Héloïse, après ce fatal événement, se retira dans un couvent de femmes à Argenteuil, près Paris. Abailard se livra à l’étude de la théologie, et publia plusieurs ouvrages ; l’un d’eux éveilla l’attention de saint Bernard, qui aspirait à la réputation de docteur de l’Église.
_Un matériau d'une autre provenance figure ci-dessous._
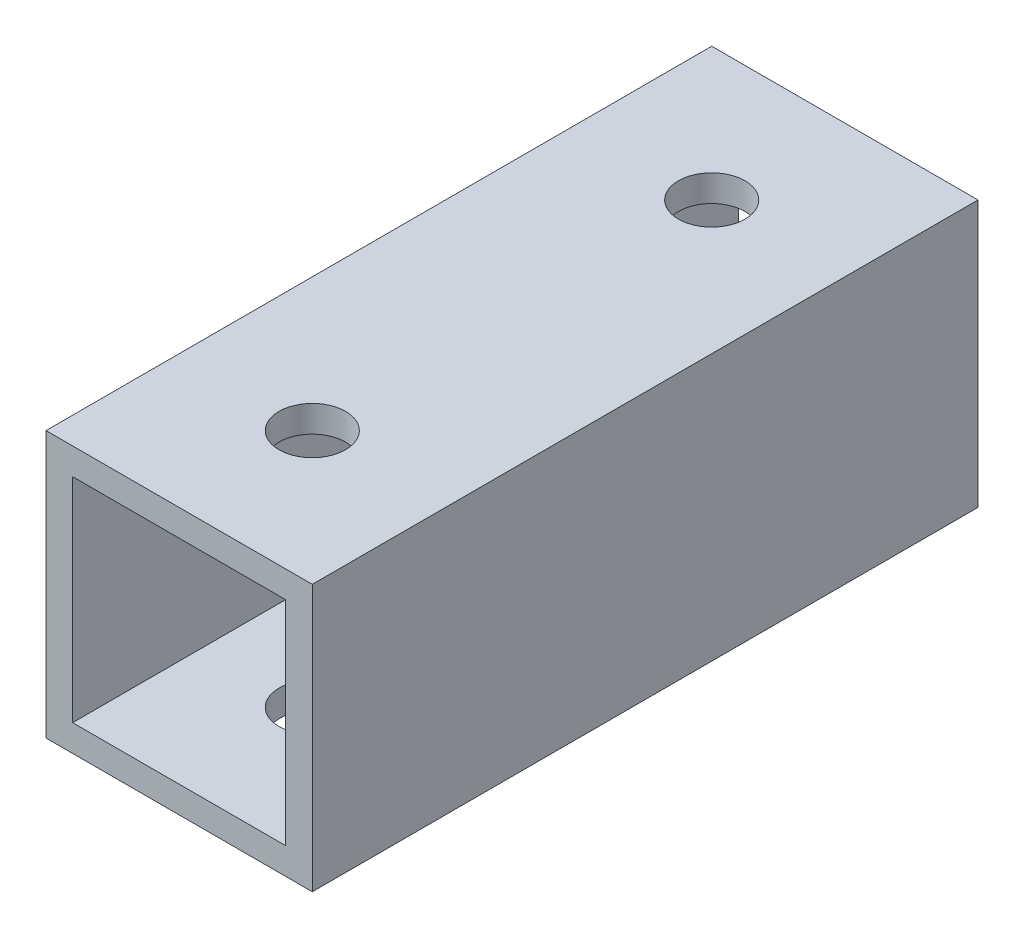
ISO-10303-21;
HEADER;
FILE_DESCRIPTION(('STEP AP214'),'2;1');
FILE_NAME('part.step','',(''),(''),'','','');
FILE_SCHEMA(('AUTOMOTIVE_DESIGN { 1 0 10303 214 1 1 1 1 }'));
ENDSEC;
DATA;
#1=APPLICATION_CONTEXT('core data for automotive mechanical design processes');
#2=APPLICATION_PROTOCOL_DEFINITION('international standard','automotive_design',2000,#1);
#3=PRODUCT_CONTEXT('',#1,'mechanical');
#4=PRODUCT('Part','Part','',(#3));
#5=PRODUCT_RELATED_PRODUCT_CATEGORY('part','',(#4));
#6=PRODUCT_DEFINITION_FORMATION('','',#4);
#7=PRODUCT_DEFINITION_CONTEXT('part definition',#1,'design');
#8=PRODUCT_DEFINITION('design','',#6,#7);
#9=PRODUCT_DEFINITION_SHAPE('','',#8);
#10=(LENGTH_UNIT() NAMED_UNIT(*) SI_UNIT(.MILLI.,.METRE.));
#11=(NAMED_UNIT(*) PLANE_ANGLE_UNIT() SI_UNIT($,.RADIAN.));
#12=(NAMED_UNIT(*) SI_UNIT($,.STERADIAN.) SOLID_ANGLE_UNIT());
#13=UNCERTAINTY_MEASURE_WITH_UNIT(LENGTH_MEASURE(1.E-05),#10,'distance_accuracy_value','');
#14=(GEOMETRIC_REPRESENTATION_CONTEXT(3) GLOBAL_UNCERTAINTY_ASSIGNED_CONTEXT((#13)) GLOBAL_UNIT_ASSIGNED_CONTEXT((#10,
#11,#12)) REPRESENTATION_CONTEXT('',''));
#15=CARTESIAN_POINT('',(0.,0.,0.));
#16=DIRECTION('',(0.,0.,1.));
#17=DIRECTION('',(1.,0.,0.));
#18=AXIS2_PLACEMENT_3D('',#15,#16,#17);
#19=CARTESIAN_POINT('',(0.,0.,50.));
#20=DIRECTION('',(0.,0.,-1.));
#21=DIRECTION('',(-1.,0.,0.));
#22=AXIS2_PLACEMENT_3D('',#19,#20,#21);
#23=PLANE('',#22);
#24=DIRECTION('',(0.,1.,0.));
#25=VECTOR('',#24,1.);
#26=CARTESIAN_POINT('',(10.,-10.,50.));
#27=LINE('',#26,#25);
#28=CARTESIAN_POINT('',(10.,-10.,50.));
#29=VERTEX_POINT('',#28);
#30=CARTESIAN_POINT('',(10.,10.,50.));
#31=VERTEX_POINT('',#30);
#32=EDGE_CURVE('E162',#29,#31,#27,.T.);
#33=ORIENTED_EDGE('',*,*,#32,.T.);
#34=DIRECTION('',(-1.,0.,0.));
#35=VECTOR('',#34,1.);
#36=CARTESIAN_POINT('',(-10.,10.,50.));
#37=LINE('',#36,#35);
#38=CARTESIAN_POINT('',(-10.,10.,50.));
#39=VERTEX_POINT('',#38);
#40=EDGE_CURVE('E166',#31,#39,#37,.T.);
#41=ORIENTED_EDGE('',*,*,#40,.T.);
#42=DIRECTION('',(0.,-1.,0.));
#43=VECTOR('',#42,1.);
#44=CARTESIAN_POINT('',(-10.,-10.,50.));
#45=LINE('',#44,#43);
#46=CARTESIAN_POINT('',(-10.,-10.,50.));
#47=VERTEX_POINT('',#46);
#48=EDGE_CURVE('E170',#39,#47,#45,.T.);
#49=ORIENTED_EDGE('',*,*,#48,.T.);
#50=DIRECTION('',(1.,0.,0.));
#51=VECTOR('',#50,1.);
#52=CARTESIAN_POINT('',(-10.,-10.,50.));
#53=LINE('',#52,#51);
#54=EDGE_CURVE('E173',#47,#29,#53,.T.);
#55=ORIENTED_EDGE('',*,*,#54,.T.);
#56=EDGE_LOOP('',(#33,#41,#49,#55));
#57=FACE_BOUND('',#56,.T.);
#58=DIRECTION('',(0.,1.,0.));
#59=VECTOR('',#58,1.);
#60=CARTESIAN_POINT('',(8.,-7.99999999999999,50.));
#61=LINE('',#60,#59);
#62=CARTESIAN_POINT('',(8.,-7.99999999999999,50.));
#63=VERTEX_POINT('',#62);
#64=CARTESIAN_POINT('',(8.,8.,50.));
#65=VERTEX_POINT('',#64);
#66=EDGE_CURVE('E112',#63,#65,#61,.T.);
#67=ORIENTED_EDGE('',*,*,#66,.F.);
#68=DIRECTION('',(1.,0.,0.));
#69=VECTOR('',#68,1.);
#70=CARTESIAN_POINT('',(-8.,-7.99999999999999,50.));
#71=LINE('',#70,#69);
#72=CARTESIAN_POINT('',(-8.,-7.99999999999999,50.));
#73=VERTEX_POINT('',#72);
#74=EDGE_CURVE('E138',#73,#63,#71,.T.);
#75=ORIENTED_EDGE('',*,*,#74,.F.);
#76=DIRECTION('',(0.,-1.,0.));
#77=VECTOR('',#76,1.);
#78=CARTESIAN_POINT('',(-8.,-7.99999999999999,50.));
#79=LINE('',#78,#77);
#80=CARTESIAN_POINT('',(-8.,8.,50.));
#81=VERTEX_POINT('',#80);
#82=EDGE_CURVE('E134',#81,#73,#79,.T.);
#83=ORIENTED_EDGE('',*,*,#82,.F.);
#84=DIRECTION('',(-1.,0.,0.));
#85=VECTOR('',#84,1.);
#86=CARTESIAN_POINT('',(-8.,8.,50.));
#87=LINE('',#86,#85);
#88=EDGE_CURVE('E121',#65,#81,#87,.T.);
#89=ORIENTED_EDGE('',*,*,#88,.F.);
#90=EDGE_LOOP('',(#67,#75,#83,#89));
#91=FACE_BOUND('',#90,.T.);
#92=ADVANCED_FACE('F44',(#57,#91),#23,.F.);
#93=CARTESIAN_POINT('',(0.,0.,0.));
#94=DIRECTION('',(0.,0.,-1.));
#95=DIRECTION('',(-1.,0.,0.));
#96=AXIS2_PLACEMENT_3D('',#93,#94,#95);
#97=PLANE('',#96);
#98=DIRECTION('',(0.,1.,0.));
#99=VECTOR('',#98,1.);
#100=CARTESIAN_POINT('',(10.,-10.,0.));
#101=LINE('',#100,#99);
#102=CARTESIAN_POINT('',(10.,-10.,0.));
#103=VERTEX_POINT('',#102);
#104=CARTESIAN_POINT('',(10.,10.,0.));
#105=VERTEX_POINT('',#104);
#106=EDGE_CURVE('E130',#103,#105,#101,.T.);
#107=ORIENTED_EDGE('',*,*,#106,.F.);
#108=DIRECTION('',(1.,0.,0.));
#109=VECTOR('',#108,1.);
#110=CARTESIAN_POINT('',(-10.,-10.,0.));
#111=LINE('',#110,#109);
#112=CARTESIAN_POINT('',(-10.,-10.,0.));
#113=VERTEX_POINT('',#112);
#114=EDGE_CURVE('E167',#113,#103,#111,.T.);
#115=ORIENTED_EDGE('',*,*,#114,.F.);
#116=DIRECTION('',(0.,-1.,0.));
#117=VECTOR('',#116,1.);
#118=CARTESIAN_POINT('',(-10.,-10.,0.));
#119=LINE('',#118,#117);
#120=CARTESIAN_POINT('',(-10.,10.,0.));
#121=VERTEX_POINT('',#120);
#122=EDGE_CURVE('E183',#121,#113,#119,.T.);
#123=ORIENTED_EDGE('',*,*,#122,.F.);
#124=DIRECTION('',(-1.,0.,0.));
#125=VECTOR('',#124,1.);
#126=CARTESIAN_POINT('',(-10.,10.,0.));
#127=LINE('',#126,#125);
#128=EDGE_CURVE('E180',#105,#121,#127,.T.);
#129=ORIENTED_EDGE('',*,*,#128,.F.);
#130=EDGE_LOOP('',(#107,#115,#123,#129));
#131=FACE_BOUND('',#130,.T.);
#132=DIRECTION('',(1.,0.,0.));
#133=VECTOR('',#132,1.);
#134=CARTESIAN_POINT('',(-8.,-7.99999999999999,0.));
#135=LINE('',#134,#133);
#136=CARTESIAN_POINT('',(-8.,-7.99999999999999,0.));
#137=VERTEX_POINT('',#136);
#138=CARTESIAN_POINT('',(8.,-7.99999999999999,0.));
#139=VERTEX_POINT('',#138);
#140=EDGE_CURVE('E122',#137,#139,#135,.T.);
#141=ORIENTED_EDGE('',*,*,#140,.T.);
#142=DIRECTION('',(0.,1.,0.));
#143=VECTOR('',#142,1.);
#144=CARTESIAN_POINT('',(8.,-7.99999999999999,0.));
#145=LINE('',#144,#143);
#146=CARTESIAN_POINT('',(8.,8.,0.));
#147=VERTEX_POINT('',#146);
#148=EDGE_CURVE('E70',#139,#147,#145,.T.);
#149=ORIENTED_EDGE('',*,*,#148,.T.);
#150=DIRECTION('',(-1.,0.,0.));
#151=VECTOR('',#150,1.);
#152=CARTESIAN_POINT('',(-8.,8.,0.));
#153=LINE('',#152,#151);
#154=CARTESIAN_POINT('',(-8.,8.,0.));
#155=VERTEX_POINT('',#154);
#156=EDGE_CURVE('E128',#147,#155,#153,.T.);
#157=ORIENTED_EDGE('',*,*,#156,.T.);
#158=DIRECTION('',(0.,-1.,0.));
#159=VECTOR('',#158,1.);
#160=CARTESIAN_POINT('',(-8.,-7.99999999999999,0.));
#161=LINE('',#160,#159);
#162=EDGE_CURVE('E149',#155,#137,#161,.T.);
#163=ORIENTED_EDGE('',*,*,#162,.T.);
#164=EDGE_LOOP('',(#141,#149,#157,#163));
#165=FACE_BOUND('',#164,.T.);
#166=ADVANCED_FACE('F242',(#131,#165),#97,.T.);
#167=CARTESIAN_POINT('',(10.,-10.,50.));
#168=DIRECTION('',(-1.,0.,0.));
#169=DIRECTION('',(0.,0.,1.));
#170=AXIS2_PLACEMENT_3D('',#167,#168,#169);
#171=PLANE('',#170);
#172=ORIENTED_EDGE('',*,*,#106,.T.);
#173=DIRECTION('',(0.,0.,-1.));
#174=VECTOR('',#173,1.);
#175=CARTESIAN_POINT('',(10.,10.,50.));
#176=LINE('',#175,#174);
#177=EDGE_CURVE('E11',#31,#105,#176,.T.);
#178=ORIENTED_EDGE('',*,*,#177,.F.);
#179=ORIENTED_EDGE('',*,*,#32,.F.);
#180=DIRECTION('',(0.,0.,-1.));
#181=VECTOR('',#180,1.);
#182=CARTESIAN_POINT('',(10.,-10.,50.));
#183=LINE('',#182,#181);
#184=EDGE_CURVE('E176',#29,#103,#183,.T.);
#185=ORIENTED_EDGE('',*,*,#184,.T.);
#186=EDGE_LOOP('',(#172,#178,#179,#185));
#187=FACE_BOUND('',#186,.T.);
#188=ADVANCED_FACE('F46',(#187),#171,.F.);
#189=CARTESIAN_POINT('',(-10.,10.,50.));
#190=DIRECTION('',(0.,-1.,0.));
#191=DIRECTION('',(0.,0.,-1.));
#192=AXIS2_PLACEMENT_3D('',#189,#190,#191);
#193=PLANE('',#192);
#194=CARTESIAN_POINT('',(0.,10.,10.));
#195=DIRECTION('',(0.,1.,0.));
#196=DIRECTION('',(0.,0.,1.));
#197=AXIS2_PLACEMENT_3D('',#194,#195,#196);
#198=CIRCLE('',#197,2.5);
#199=CARTESIAN_POINT('',(0.,10.,12.5));
#200=VERTEX_POINT('',#199);
#201=EDGE_CURVE('E209',#200,#200,#198,.T.);
#202=ORIENTED_EDGE('',*,*,#201,.F.);
#203=EDGE_LOOP('',(#202));
#204=FACE_BOUND('',#203,.T.);
#205=CARTESIAN_POINT('',(0.,10.,40.));
#206=DIRECTION('',(0.,1.,0.));
#207=DIRECTION('',(0.,0.,1.));
#208=AXIS2_PLACEMENT_3D('',#205,#206,#207);
#209=CIRCLE('',#208,2.5);
#210=CARTESIAN_POINT('',(0.,10.,42.5));
#211=VERTEX_POINT('',#210);
#212=EDGE_CURVE('E215',#211,#211,#209,.T.);
#213=ORIENTED_EDGE('',*,*,#212,.F.);
#214=EDGE_LOOP('',(#213));
#215=FACE_BOUND('',#214,.T.);
#216=ORIENTED_EDGE('',*,*,#128,.T.);
#217=DIRECTION('',(0.,0.,-1.));
#218=VECTOR('',#217,1.);
#219=CARTESIAN_POINT('',(-10.,10.,50.));
#220=LINE('',#219,#218);
#221=EDGE_CURVE('E54',#39,#121,#220,.T.);
#222=ORIENTED_EDGE('',*,*,#221,.F.);
#223=ORIENTED_EDGE('',*,*,#40,.F.);
#224=ORIENTED_EDGE('',*,*,#177,.T.);
#225=EDGE_LOOP('',(#216,#222,#223,#224));
#226=FACE_BOUND('',#225,.T.);
#227=ADVANCED_FACE('F269',(#204,#215,#226),#193,.F.);
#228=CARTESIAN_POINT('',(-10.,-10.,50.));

Abailard se défendit ; mais peut-être ne mit-il pas dans ses réponses la mesure et les égards que commandait l’irascibilité de son redoutable antagoniste : celui-ci l’accabla de toute la supériorité de sa position, et Abailard fut forcé de se rétracter.

Ces disputes eussent peut-être eu des suites funestes pour Abailard, si Pierre le Vénérable, abbé de Cluny, ne se fût porté médiateur entre lui et saint Bernard.

Abailard avait fait bâtir une petite chapelle, mais bientôt après il la fit agrandir, et l’ayant convertie en monastère, il y appela Héloïse, qui vint s’y établir avec dix religieuses d’Argenteuil. Elle en fut la première abbesse : lorsqu’elle y fut installée, il se retira à son abbaye de Saint-Gildas.

Abailard mourut en 1143. Il avait demandé à Pierre-le-Vénérable de faire transporter son corps au Paraclet. Ce ne fut que plusieurs années après sa mort que ce religieux le conduisit au couvent d’Héloïse et le lui remit.

Elle survécut vingt ans à son époux, et fut inhumée à côté de lui, dans la même tombe, ainsi qu’elle l’avait ordonné à ses religieuses.

Une lettre d’Abailard à un de ses amis tombée entre les mains d’Héloïse, devint l’occasion d’une correspondance intime entre ces deux époux. Ces lettres, dont quelques unes ont été retrouvées, sont en latin. Pope en a traduit deux en anglais : elles ont été imitées en vers par Dorat et d’autres poètes, mais Colardeau est celui dont la traduction peut seule soutenir la comparaison avec celles de Pope. Ces ouvrages sont autant dans la bibliothéque que dans la mémoire des hommes de goût.

Le monument d’Abailard et d’Héloïse, qui, par son aspect, paraît avoir été élevé dans le douzième siècle, est néanmoins une construction moderne (le tombeau excepté).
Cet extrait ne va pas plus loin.